ヨシオの家にはドラムが置いてあった。父親が買った物だというが、ほとんど使用していないと言っていた。今ではケイコの家にある。ケイコの家はヨシオの家ほど大きくはないが、父親の趣味である映画鑑賞のための地下室があり、そこに置かれているんだ。
 楽器を持っていないのは俺だけだった。ヨシオの家にもカナエの家にも、ベースはなかった。仕方なしに俺は、四人を引き連れて楽器屋に行ったんだ。そしてまずは手頃な価格のベースを試奏した。俺としては、それでも満足だったんだ。そのまま会計をすればよかったとも思うが、今のベースには満足もしている。きっとだが、一生物を手に入れたとの実感があるんだ。
 俺がベースの音を出して楽しんでいると、ケンジが店員に店で一番のオススメは? と尋ねたんだ。予算は無限だよ。なんて付け加えてね。
 その店員が持ってきたベースは、真ん中に浮かぶ黒い楕円形が特徴的だった。木目が綺麗で、手に持つととてもしっくりとくる。弦を弾くと、その音に衝撃を感じた。その前に手にしていた安物とはまるで違う重みのある音が胸に響いた。

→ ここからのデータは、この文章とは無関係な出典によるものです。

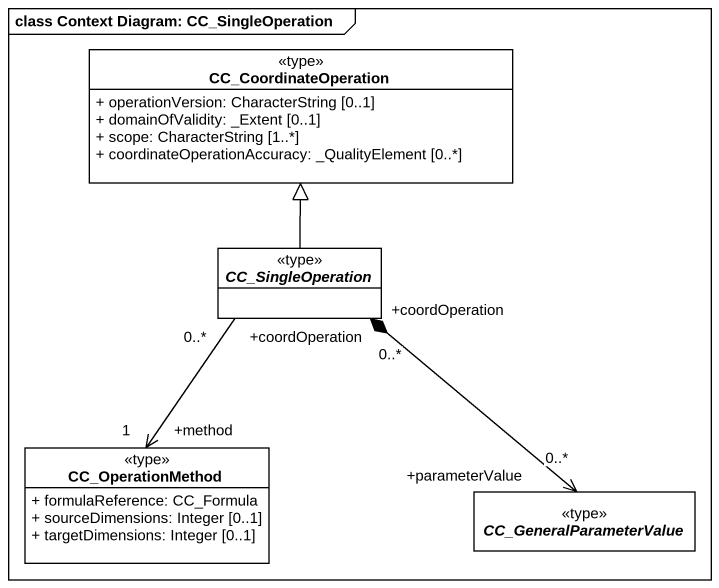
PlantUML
@startuml
mainframe class Context Diagram: CC_SingleOperation
hide circle
hide empty members
skinparam classAttributeIconSize 0
class CC_CoordinateOperation <<type>> {
  + operationVersion: CharacterString [0..1]
  + domainOfValidity: _Extent [0..1]
  + scope: CharacterString [1..*]
  + coordinateOperationAccuracy: _QualityElement [0..*]
}
abstract class CC_SingleOperation <<type>>
class CC_OperationMethod <<type>> {
  + formulaReference: CC_Formula
  + sourceDimensions: Integer [0..1]
  + targetDimensions: Integer [0..1]
}
abstract class CC_GeneralParameterValue <<type>>
CC_SingleOperation -up-|> CC_CoordinateOperation
CC_SingleOperation "+coordOperation\n0..*" --> "+method\n1" CC_OperationMethod
CC_SingleOperation "+coordOperation\n0..*" *--> "+parameterValue\n0..*" CC_GeneralParameterValue
@enduml

 物凄くいい楽器だって感じたよ。値段を聞いても、驚くほどの高値ではなかった。まぁ、最初に手にしたのとは十倍近い差があったんだけど、それ以上の価値を感じられたよ。
 けれど俺には、なんだかしっくりとこない点が一つあった。立ち上がってその姿を鏡で見たけれど、俺らしくないっていうのが素直な感想だったんだ。ケンジたちも揃って微妙な顔を俺に向けていた。
 タケシにはさ、こっちの方が似合うんじゃない? そう言ってケイコが一つのベースを指差した。同じような木目調ではあったけれど、色の濃さはもっと薄く、その形はまるで違っていた。似ている部分もなくはないが、抱えたときの胸に飛び込む角の形が印象的で、抑えた丸みも好印象だった。俺はその見た目だけで惚れていたよ。俺にとってはだが、音が想像できる見た目をしていたのは、そいつ一つだけだったんだ。
 手に持った感じも最高だった。しっくりと来るんだよな。ネックは手に、ボディは身体に馴染む。立ち姿も完璧だった。ケンジたちだけでなく、店員でさえ感慨のため息をこぼしていた。
 音を鳴らすと、俺の鼓動が喜んだんだ。楽しい音を出す楽器なんだ。俺の感情が、もろに伝わるんだよ。こんな音がするなんて私も知りませんでしたよと、店員が言う。俺も買おうかななんて呟きを漏らしていたよ。
 買うしかないでしょ。そう言ったのはヨシオだった。そうだよなぁ・・・・ 俺の言葉だ。
 結局俺は、その場でローンを組んだ。未成年者は親の承諾が必要だと言われ、電話で母を説得した。案外に話が分かる親で助かるよ。まぁ、金は全部俺が払うんだけどな。少しくらい助けてくれてもいいと思うんだが、まぁ仕方がないな。俺の家はあまり金に余裕がないんだ。
 こんなことをここで話すのは恥ずかしいんだが、俺はバイトを始めてからお小遣いを貰っていない。もちろん、俺から拒否をするはずはない。アルバイトをしているんだから、自分のことは自分でしなさいよ。本当なら食費を払って欲しいくらいなんだからね。そう言われてもいる。